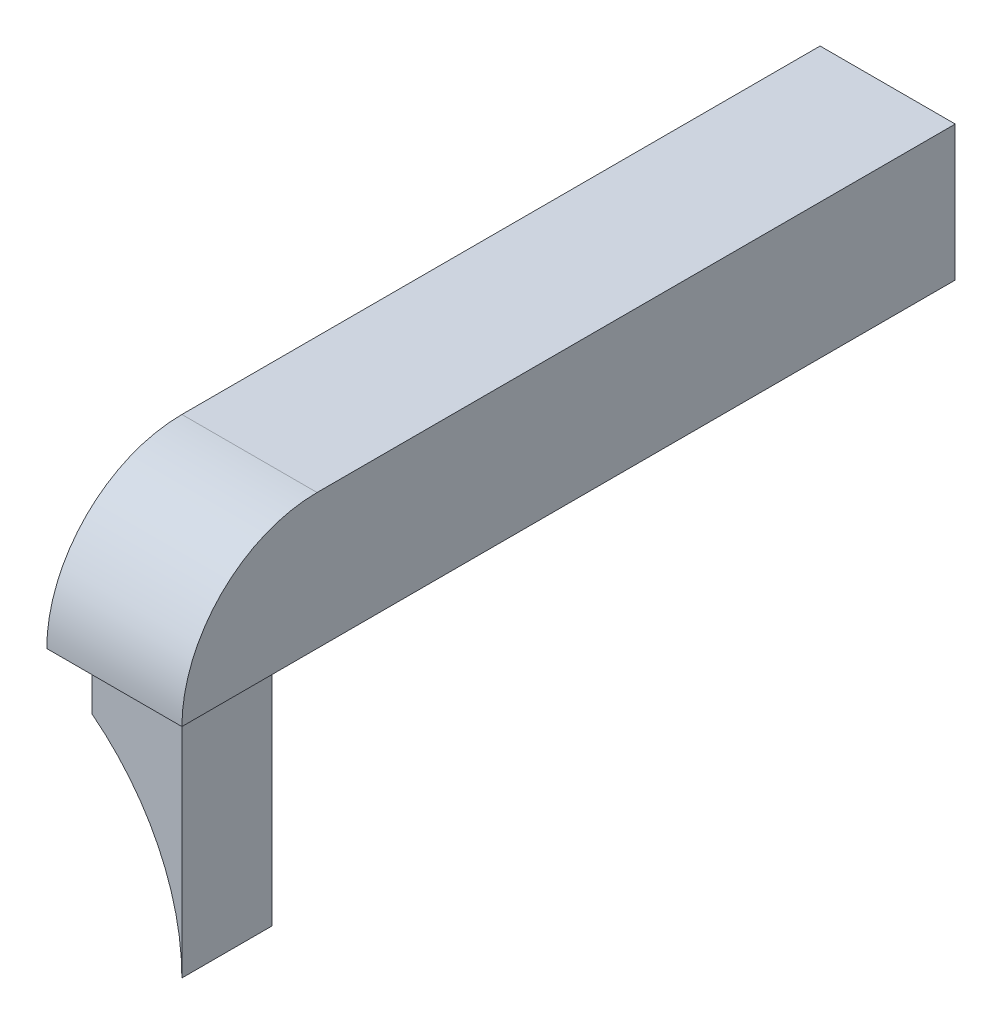
ISO-10303-21;
HEADER;
FILE_DESCRIPTION(('STEP AP214'),'2;1');
FILE_NAME('part.step','',(''),(''),'','','');
FILE_SCHEMA(('AUTOMOTIVE_DESIGN { 1 0 10303 214 1 1 1 1 }'));
ENDSEC;
DATA;
#1=APPLICATION_CONTEXT('core data for automotive mechanical design processes');
#2=APPLICATION_PROTOCOL_DEFINITION('international standard','automotive_design',2000,#1);
#3=PRODUCT_CONTEXT('',#1,'mechanical');
#4=PRODUCT('Part','Part','',(#3));
#5=PRODUCT_RELATED_PRODUCT_CATEGORY('part','',(#4));
#6=PRODUCT_DEFINITION_FORMATION('','',#4);
#7=PRODUCT_DEFINITION_CONTEXT('part definition',#1,'design');
#8=PRODUCT_DEFINITION('design','',#6,#7);
#9=PRODUCT_DEFINITION_SHAPE('','',#8);
#10=(LENGTH_UNIT() NAMED_UNIT(*) SI_UNIT(.MILLI.,.METRE.));
#11=(NAMED_UNIT(*) PLANE_ANGLE_UNIT() SI_UNIT($,.RADIAN.));
#12=(NAMED_UNIT(*) SI_UNIT($,.STERADIAN.) SOLID_ANGLE_UNIT());
#13=UNCERTAINTY_MEASURE_WITH_UNIT(LENGTH_MEASURE(1.E-05),#10,'distance_accuracy_value','');
#14=(GEOMETRIC_REPRESENTATION_CONTEXT(3) GLOBAL_UNCERTAINTY_ASSIGNED_CONTEXT((#13)) GLOBAL_UNIT_ASSIGNED_CONTEXT((#10,
#11,#12)) REPRESENTATION_CONTEXT('',''));
#15=CARTESIAN_POINT('',(0.,0.,0.));
#16=DIRECTION('',(0.,0.,1.));
#17=DIRECTION('',(1.,0.,0.));
#18=AXIS2_PLACEMENT_3D('',#15,#16,#17);
#19=CARTESIAN_POINT('',(13.7705009063984,28.2267058219209,96.5230796597994));
#20=DIRECTION('',(1.,0.,0.));
#21=DIRECTION('',(0.,0.,-1.));
#22=AXIS2_PLACEMENT_3D('',#19,#20,#21);
#23=CYLINDRICAL_SURFACE('',#22,12.4641016151377);
#24=CARTESIAN_POINT('',(26.2346025215362,28.2267058219209,96.5230796597994));
#25=DIRECTION('',(-1.,0.,0.));
#26=DIRECTION('',(0.,0.,1.));
#27=AXIS2_PLACEMENT_3D('',#24,#25,#26);
#28=CIRCLE('',#27,12.4641016151377);
#29=CARTESIAN_POINT('',(26.2346025215362,40.6908074370587,96.5230796597994));
#30=VERTEX_POINT('',#29);
#31=CARTESIAN_POINT('',(26.2346025215362,34.775828248986,107.127928763289));
#32=VERTEX_POINT('',#31);
#33=EDGE_CURVE('E249',#30,#32,#28,.F.);
#34=ORIENTED_EDGE('',*,*,#33,.T.);
#35=DIRECTION('',(1.,0.,0.));
#36=VECTOR('',#35,1.);
#37=CARTESIAN_POINT('',(13.7705009063984,34.775828248986,107.127928763289));
#38=LINE('',#37,#36);
#39=CARTESIAN_POINT('',(19.3063992912607,34.775828248986,107.127928763289));
#40=VERTEX_POINT('',#39);
#41=EDGE_CURVE('E61',#32,#40,#38,.F.);
#42=ORIENTED_EDGE('',*,*,#41,.T.);
#43=CARTESIAN_POINT('',(19.3063992912607,28.2267058219209,96.5230796597994));
#44=DIRECTION('',(1.,0.,0.));
#45=DIRECTION('',(0.,0.,-1.));
#46=AXIS2_PLACEMENT_3D('',#43,#44,#45);
#47=CIRCLE('',#46,12.4641016151377);
#48=CARTESIAN_POINT('',(19.3063992912607,40.6908074370587,96.5230796597994));
#49=VERTEX_POINT('',#48);
#50=EDGE_CURVE('E250',#49,#40,#47,.T.);
#51=ORIENTED_EDGE('',*,*,#50,.F.);
#52=DIRECTION('',(1.,0.,0.));
#53=VECTOR('',#52,1.);
#54=CARTESIAN_POINT('',(13.7705009063984,40.6908074370587,96.5230796597994));
#55=LINE('',#54,#53);
#56=EDGE_CURVE('E263',#49,#30,#55,.T.);
#57=ORIENTED_EDGE('',*,*,#56,.T.);
#58=EDGE_LOOP('',(#34,#42,#51,#57));
#59=FACE_BOUND('',#58,.T.);
#60=ADVANCED_FACE('F39',(#59),#23,.F.);
#61=CARTESIAN_POINT('',(13.7705009063984,46.2267058219209,11.5230796597994));
#62=DIRECTION('',(0.,0.,-1.));
#63=DIRECTION('',(-1.,0.,0.));
#64=AXIS2_PLACEMENT_3D('',#61,#62,#63);
#65=PLANE('',#64);
#66=DIRECTION('',(0.,1.,0.));
#67=VECTOR('',#66,1.);
#68=CARTESIAN_POINT('',(31.7705009063984,46.2267058219209,11.5230796597994));
#69=LINE('',#68,#67);
#70=CARTESIAN_POINT('',(31.7705009063984,28.2267058219209,11.5230796597994));
#71=VERTEX_POINT('',#70);
#72=CARTESIAN_POINT('',(31.7705009063984,46.2267058219209,11.5230796597994));
#73=VERTEX_POINT('',#72);
#74=EDGE_CURVE('E301',#71,#73,#69,.T.);
#75=ORIENTED_EDGE('',*,*,#74,.F.);
#76=DIRECTION('',(1.,0.,0.));
#77=VECTOR('',#76,1.);
#78=CARTESIAN_POINT('',(13.7705009063984,28.2267058219209,11.5230796597994));
#79=LINE('',#78,#77);
#80=CARTESIAN_POINT('',(13.7705009063984,28.2267058219209,11.5230796597994));
#81=VERTEX_POINT('',#80);
#82=EDGE_CURVE('E298',#81,#71,#79,.T.);
#83=ORIENTED_EDGE('',*,*,#82,.F.);
#84=DIRECTION('',(0.,1.,0.));
#85=VECTOR('',#84,1.);
#86=CARTESIAN_POINT('',(13.7705009063984,46.2267058219209,11.5230796597994));
#87=LINE('',#86,#85);
#88=CARTESIAN_POINT('',(13.7705009063984,46.2267058219209,11.5230796597994));
#89=VERTEX_POINT('',#88);
#90=EDGE_CURVE('E285',#81,#89,#87,.T.);
#91=ORIENTED_EDGE('',*,*,#90,.T.);
#92=DIRECTION('',(1.,0.,0.));
#93=VECTOR('',#92,1.);
#94=CARTESIAN_POINT('',(13.7705009063984,46.2267058219209,11.5230796597994));
#95=LINE('',#94,#93);
#96=EDGE_CURVE('E316',#89,#73,#95,.T.);
#97=ORIENTED_EDGE('',*,*,#96,.T.);
#98=EDGE_LOOP('',(#75,#83,#91,#97));
#99=FACE_BOUND('',#98,.T.);
#100=DIRECTION('',(1.,0.,0.));
#101=VECTOR('',#100,1.);
#102=CARTESIAN_POINT('',(13.7705009063984,33.7626042067832,11.5230796597994));
#103=LINE('',#102,#101);
#104=CARTESIAN_POINT('',(19.3063992912607,33.7626042067832,11.5230796597994));
#105=VERTEX_POINT('',#104);
#106=CARTESIAN_POINT('',(26.2346025215362,33.7626042067832,11.5230796597994));
#107=VERTEX_POINT('',#106);
#108=EDGE_CURVE('E253',#105,#107,#103,.T.);
#109=ORIENTED_EDGE('',*,*,#108,.T.);
#110=DIRECTION('',(0.,1.,0.));
#111=VECTOR('',#110,1.);
#112=CARTESIAN_POINT('',(26.2346025215362,46.2267058219209,11.5230796597994));
#113=LINE('',#112,#111);
#114=CARTESIAN_POINT('',(26.2346025215362,40.6908074370587,11.5230796597994));
#115=VERTEX_POINT('',#114);
#116=EDGE_CURVE('E262',#107,#115,#113,.T.);
#117=ORIENTED_EDGE('',*,*,#116,.T.);
#118=DIRECTION('',(1.,0.,0.));
#119=VECTOR('',#118,1.);
#120=CARTESIAN_POINT('',(13.7705009063984,40.6908074370587,11.5230796597994));
#121=LINE('',#120,#119);
#122=CARTESIAN_POINT('',(19.3063992912607,40.6908074370587,11.5230796597994));
#123=VERTEX_POINT('',#122);
#124=EDGE_CURVE('E267',#123,#115,#121,.T.);
#125=ORIENTED_EDGE('',*,*,#124,.F.);
#126=DIRECTION('',(0.,1.,0.));
#127=VECTOR('',#126,1.);
#128=CARTESIAN_POINT('',(19.3063992912607,28.2267058219209,11.5230796597994));
#129=LINE('',#128,#127);
#130=EDGE_CURVE('E248',#105,#123,#129,.T.);
#131=ORIENTED_EDGE('',*,*,#130,.F.);
#132=EDGE_LOOP('',(#109,#117,#125,#131));
#133=FACE_BOUND('',#132,.T.);
#134=ADVANCED_FACE('F361',(#99,#133),#65,.T.);
#135=CARTESIAN_POINT('',(13.7705009063984,28.2267058219209,114.523079659799));
#136=DIRECTION('',(1.,0.,0.));
#137=DIRECTION('',(0.,0.,-1.));
#138=AXIS2_PLACEMENT_3D('',#135,#136,#137);
#139=PLANE('',#138);
#140=DIRECTION('',(0.,0.,-1.));
#141=VECTOR('',#140,1.);
#142=CARTESIAN_POINT('',(13.7705009063984,28.2267058219209,114.523079659799));
#143=LINE('',#142,#141);
#144=CARTESIAN_POINT('',(13.7705009063984,28.2267058219209,114.523079659799));
#145=VERTEX_POINT('',#144);
#146=EDGE_CURVE('E282',#145,#81,#143,.T.);
#147=ORIENTED_EDGE('',*,*,#146,.F.);
#148=CARTESIAN_POINT('',(13.7705009063984,28.2267058219209,96.5230796597994));
#149=DIRECTION('',(1.,0.,0.));
#150=DIRECTION('',(0.,0.,1.));
#151=AXIS2_PLACEMENT_3D('',#148,#149,#150);
#152=CIRCLE('',#151,18.);
#153=CARTESIAN_POINT('',(13.7705009063984,46.2267058219209,96.5230796597994));
#154=VERTEX_POINT('',#153);
#155=EDGE_CURVE('E294',#154,#145,#152,.T.);
#156=ORIENTED_EDGE('',*,*,#155,.F.);
#157=DIRECTION('',(0.,0.,1.));
#158=VECTOR('',#157,1.);
#159=CARTESIAN_POINT('',(13.7705009063984,46.2267058219209,96.5230796597994));
#160=LINE('',#159,#158);
#161=EDGE_CURVE('E290',#89,#154,#160,.T.);
#162=ORIENTED_EDGE('',*,*,#161,.F.);
#163=ORIENTED_EDGE('',*,*,#90,.F.);
#164=EDGE_LOOP('',(#147,#156,#162,#163));
#165=FACE_BOUND('',#164,.T.);
#166=ADVANCED_FACE('F368',(#165),#139,.F.);
#167=CARTESIAN_POINT('',(13.7705009063984,46.2267058219209,96.5230796597994));
#168=DIRECTION('',(0.,1.,0.));
#169=DIRECTION('',(0.,0.,1.));
#170=AXIS2_PLACEMENT_3D('',#167,#168,#169);
#171=PLANE('',#170);
#172=DIRECTION('',(0.,0.,1.));
#173=VECTOR('',#172,1.);
#174=CARTESIAN_POINT('',(31.7705009063984,46.2267058219209,96.5230796597994));
#175=LINE('',#174,#173);
#176=CARTESIAN_POINT('',(31.7705009063984,46.2267058219209,96.5230796597994));
#177=VERTEX_POINT('',#176);
#178=EDGE_CURVE('E305',#73,#177,#175,.T.);
#179=ORIENTED_EDGE('',*,*,#178,.F.);
#180=ORIENTED_EDGE('',*,*,#96,.F.);
#181=ORIENTED_EDGE('',*,*,#161,.T.);
#182=DIRECTION('',(1.,0.,0.));
#183=VECTOR('',#182,1.);
#184=CARTESIAN_POINT('',(13.7705009063984,46.2267058219209,96.5230796597994));
#185=LINE('',#184,#183);
#186=EDGE_CURVE('E312',#154,#177,#185,.T.);
#187=ORIENTED_EDGE('',*,*,#186,.T.);
#188=EDGE_LOOP('',(#179,#180,#181,#187));
#189=FACE_BOUND('',#188,.T.);
#190=ADVANCED_FACE('F384',(#189),#171,.T.);
#191=CARTESIAN_POINT('',(31.7705009063984,28.2267058219209,114.523079659799));
#192=DIRECTION('',(-1.,0.,0.));
#193=DIRECTION('',(0.,0.,1.));
#194=AXIS2_PLACEMENT_3D('',#191,#192,#193);
#195=PLANE('',#194);
#196=CARTESIAN_POINT('',(31.7705009063984,28.2267058219209,96.5230796597994));
#197=DIRECTION('',(1.,0.,0.));
#198=DIRECTION('',(0.,0.,1.));
#199=AXIS2_PLACEMENT_3D('',#196,#197,#198);
#200=CIRCLE('',#199,18.);
#201=CARTESIAN_POINT('',(31.7705009063984,28.2267058219209,114.523079659799));
#202=VERTEX_POINT('',#201);
#203=EDGE_CURVE('E286',#177,#202,#200,.T.);
#204=ORIENTED_EDGE('',*,*,#203,.T.);
#205=DIRECTION('',(0.,0.,-1.));
#206=VECTOR('',#205,1.);
#207=CARTESIAN_POINT('',(31.7705009063984,28.2267058219209,96.5230796597994));
#208=LINE('',#207,#206);
#209=EDGE_CURVE('E266',#202,#71,#208,.T.);
#210=ORIENTED_EDGE('',*,*,#209,.T.);
#211=ORIENTED_EDGE('',*,*,#74,.T.);
#212=ORIENTED_EDGE('',*,*,#178,.T.);
#213=EDGE_LOOP('',(#204,#210,#211,#212));
#214=FACE_BOUND('',#213,.T.);
#215=ADVANCED_FACE('F382',(#214),#195,.F.);
#216=CARTESIAN_POINT('',(13.7705009063984,28.2267058219209,96.5230796597994));
#217=DIRECTION('',(1.,0.,0.));
#218=DIRECTION('',(0.,0.,-1.));
#219=AXIS2_PLACEMENT_3D('',#216,#217,#218);
#220=CYLINDRICAL_SURFACE('',#219,18.);
#221=ORIENTED_EDGE('',*,*,#203,.F.);
#222=ORIENTED_EDGE('',*,*,#186,.F.);
#223=ORIENTED_EDGE('',*,*,#155,.T.);
#224=DIRECTION('',(1.,0.,0.));
#225=VECTOR('',#224,1.);
#226=CARTESIAN_POINT('',(13.7705009063984,28.2267058219209,114.523079659799));
#227=LINE('',#226,#225);
#228=EDGE_CURVE('E315',#145,#202,#227,.T.);
#229=ORIENTED_EDGE('',*,*,#228,.T.);
#230=EDGE_LOOP('',(#221,#222,#223,#229));
#231=FACE_BOUND('',#230,.T.);
#232=ADVANCED_FACE('F379',(#231),#220,.T.);
#233=CARTESIAN_POINT('',(13.7705009063984,28.2267058219209,96.5230796597994));
#234=DIRECTION('',(0.,-1.,0.));
#235=DIRECTION('',(0.,0.,-1.));
#236=AXIS2_PLACEMENT_3D('',#233,#234,#235);
#237=PLANE('',#236);
#238=DIRECTION('',(-1.,0.,0.));
#239=VECTOR('',#238,1.);
#240=CARTESIAN_POINT('',(28.7705009063984,28.2267058219209,111.523079659799));
#241=LINE('',#240,#239);
#242=CARTESIAN_POINT('',(28.7705009063984,28.2267058219209,111.523079659799));
#243=VERTEX_POINT('',#242);
#244=CARTESIAN_POINT('',(16.7705009063984,28.2267058219209,111.523079659799));
#245=VERTEX_POINT('',#244);
#246=EDGE_CURVE('E210',#243,#245,#241,.T.);
#247=ORIENTED_EDGE('',*,*,#246,.F.);
#248=DIRECTION('',(0.,0.,-1.));
#249=VECTOR('',#248,1.);
#250=CARTESIAN_POINT('',(28.7705009063984,28.2267058219209,111.523079659799));
#251=LINE('',#250,#249);
#252=CARTESIAN_POINT('',(28.7705009063984,28.2267058219209,99.5230796597994));
#253=VERTEX_POINT('',#252);
#254=EDGE_CURVE('E236',#243,#253,#251,.T.);
#255=ORIENTED_EDGE('',*,*,#254,.T.);
#256=DIRECTION('',(-1.,0.,0.));
#257=VECTOR('',#256,1.);
#258=CARTESIAN_POINT('',(28.7705009063984,28.2267058219209,99.5230796597994));
#259=LINE('',#258,#257);
#260=CARTESIAN_POINT('',(16.7705009063984,28.2267058219209,99.5230796597994));
#261=VERTEX_POINT('',#260);
#262=EDGE_CURVE('E223',#253,#261,#259,.T.);
#263=ORIENTED_EDGE('',*,*,#262,.T.);
#264=DIRECTION('',(0.,0.,-1.));
#265=VECTOR('',#264,1.);
#266=CARTESIAN_POINT('',(16.7705009063984,28.2267058219209,111.523079659799));
#267=LINE('',#266,#265);
#268=EDGE_CURVE('E232',#245,#261,#267,.T.);
#269=ORIENTED_EDGE('',*,*,#268,.F.);
#270=EDGE_LOOP('',(#247,#255,#263,#269));
#271=FACE_BOUND('',#270,.T.);
#272=ORIENTED_EDGE('',*,*,#209,.F.);
#273=ORIENTED_EDGE('',*,*,#228,.F.);
#274=ORIENTED_EDGE('',*,*,#146,.T.);
#275=ORIENTED_EDGE('',*,*,#82,.T.);
#276=EDGE_LOOP('',(#272,#273,#274,#275));
#277=FACE_BOUND('',#276,.T.);
#278=ADVANCED_FACE('F371',(#271,#277),#237,.T.);
#279=CARTESIAN_POINT('',(19.3063992912607,28.2267058219209,114.523079659799));
#280=DIRECTION('',(1.,0.,0.));
#281=DIRECTION('',(0.,0.,-1.));
#282=AXIS2_PLACEMENT_3D('',#279,#280,#281);
#283=PLANE('',#282);
#284=DIRECTION('',(0.,-1.,0.));
#285=VECTOR('',#284,1.);
#286=CARTESIAN_POINT('',(19.3063992912607,33.8267058219209,102.058978044662));
#287=LINE('',#286,#285);
#288=CARTESIAN_POINT('',(19.3063992912607,33.7626042067832,102.058978044662));
#289=VERTEX_POINT('',#288);
#290=CARTESIAN_POINT('',(19.3063992912607,18.5248017217256,102.058978044662));
#291=VERTEX_POINT('',#290);
#292=EDGE_CURVE('E187',#289,#291,#287,.T.);
#293=ORIENTED_EDGE('',*,*,#292,.F.);
#294=DIRECTION('',(0.,0.,-1.));
#295=VECTOR('',#294,1.);
#296=CARTESIAN_POINT('',(19.3063992912607,33.7626042067832,114.523079659799));
#297=LINE('',#296,#295);
#298=EDGE_CURVE('E245',#289,#105,#297,.T.);
#299=ORIENTED_EDGE('',*,*,#298,.T.);
#300=ORIENTED_EDGE('',*,*,#130,.T.);
#301=DIRECTION('',(0.,0.,1.));
#302=VECTOR('',#301,1.);
#303=CARTESIAN_POINT('',(19.3063992912607,40.6908074370587,114.523079659799));
#304=LINE('',#303,#302);
#305=EDGE_CURVE('E254',#123,#49,#304,.T.);
#306=ORIENTED_EDGE('',*,*,#305,.T.);
#307=ORIENTED_EDGE('',*,*,#50,.T.);
#308=CARTESIAN_POINT('',(19.3063992912607,35.8267058219209,108.829591575571));
#309=DIRECTION('',(1.,0.,0.));
#310=DIRECTION('',(0.,0.,-1.));
#311=AXIS2_PLACEMENT_3D('',#308,#309,#310);
#312=CIRCLE('',#311,2.);
#313=CARTESIAN_POINT('',(19.3063992912607,33.8267058219209,108.829591575571));
#314=VERTEX_POINT('',#313);
#315=EDGE_CURVE('E11',#40,#314,#312,.F.);
#316=ORIENTED_EDGE('',*,*,#315,.T.);
#317=DIRECTION('',(0.,0.,-1.));
#318=VECTOR('',#317,1.);
#319=CARTESIAN_POINT('',(19.3063992912607,33.8267058219209,108.987181274937));
#320=LINE('',#319,#318);
#321=CARTESIAN_POINT('',(19.3063992912607,33.8267058219209,108.987181274937));
#322=VERTEX_POINT('',#321);
#323=EDGE_CURVE('E168',#322,#314,#320,.T.);
#324=ORIENTED_EDGE('',*,*,#323,.F.);
#325=DIRECTION('',(0.,-1.,0.));
#326=VECTOR('',#325,1.);
#327=CARTESIAN_POINT('',(19.3063992912607,33.8267058219209,108.987181274937));
#328=LINE('',#327,#326);
#329=CARTESIAN_POINT('',(19.3063992912607,18.5248017217256,108.987181274937));
#330=VERTEX_POINT('',#329);
#331=EDGE_CURVE('E180',#322,#330,#328,.T.);
#332=ORIENTED_EDGE('',*,*,#331,.T.);
#333=DIRECTION('',(0.,0.,-1.));
#334=VECTOR('',#333,1.);
#335=CARTESIAN_POINT('',(19.3063992912607,18.5248017217256,111.523079659799));
#336=LINE('',#335,#334);
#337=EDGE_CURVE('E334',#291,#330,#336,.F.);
■ ■ ■ ■ ■ ■ ■
Exercise
Please write out, exactly as they appear above, only the lines in the stretch from the line with "#185=LINE('',#184,#183);" through the line with "#209=EDGE_CURVE('E266',#202,#71,#208,.T.);".

Response to this exercise
#185=LINE('',#184,#183);
#186=EDGE_CURVE('E312',#154,#177,#185,.T.);
#187=ORIENTED_EDGE('',*,*,#186,.T.);
#188=EDGE_LOOP('',(#179,#180,#181,#187));
#189=FACE_BOUND('',#188,.T.);
#190=ADVANCED_FACE('F384',(#189),#171,.T.);
#191=CARTESIAN_POINT('',(31.7705009063984,28.2267058219209,114.523079659799));
#192=DIRECTION('',(-1.,0.,0.));
#193=DIRECTION('',(0.,0.,1.));
#194=AXIS2_PLACEMENT_3D('',#191,#192,#193);
#195=PLANE('',#194);
#196=CARTESIAN_POINT('',(31.7705009063984,28.2267058219209,96.5230796597994));
#197=DIRECTION('',(1.,0.,0.));
#198=DIRECTION('',(0.,0.,1.));
#199=AXIS2_PLACEMENT_3D('',#196,#197,#198);
#200=CIRCLE('',#199,18.);
#201=CARTESIAN_POINT('',(31.7705009063984,28.2267058219209,114.523079659799));
#202=VERTEX_POINT('',#201);
#203=EDGE_CURVE('E286',#177,#202,#200,.T.);
#204=ORIENTED_EDGE('',*,*,#203,.T.);
#205=DIRECTION('',(0.,0.,-1.));
#206=VECTOR('',#205,1.);
#207=CARTESIAN_POINT('',(31.7705009063984,28.2267058219209,96.5230796597994));
#208=LINE('',#207,#206);
#209=EDGE_CURVE('E266',#202,#71,#208,.T.);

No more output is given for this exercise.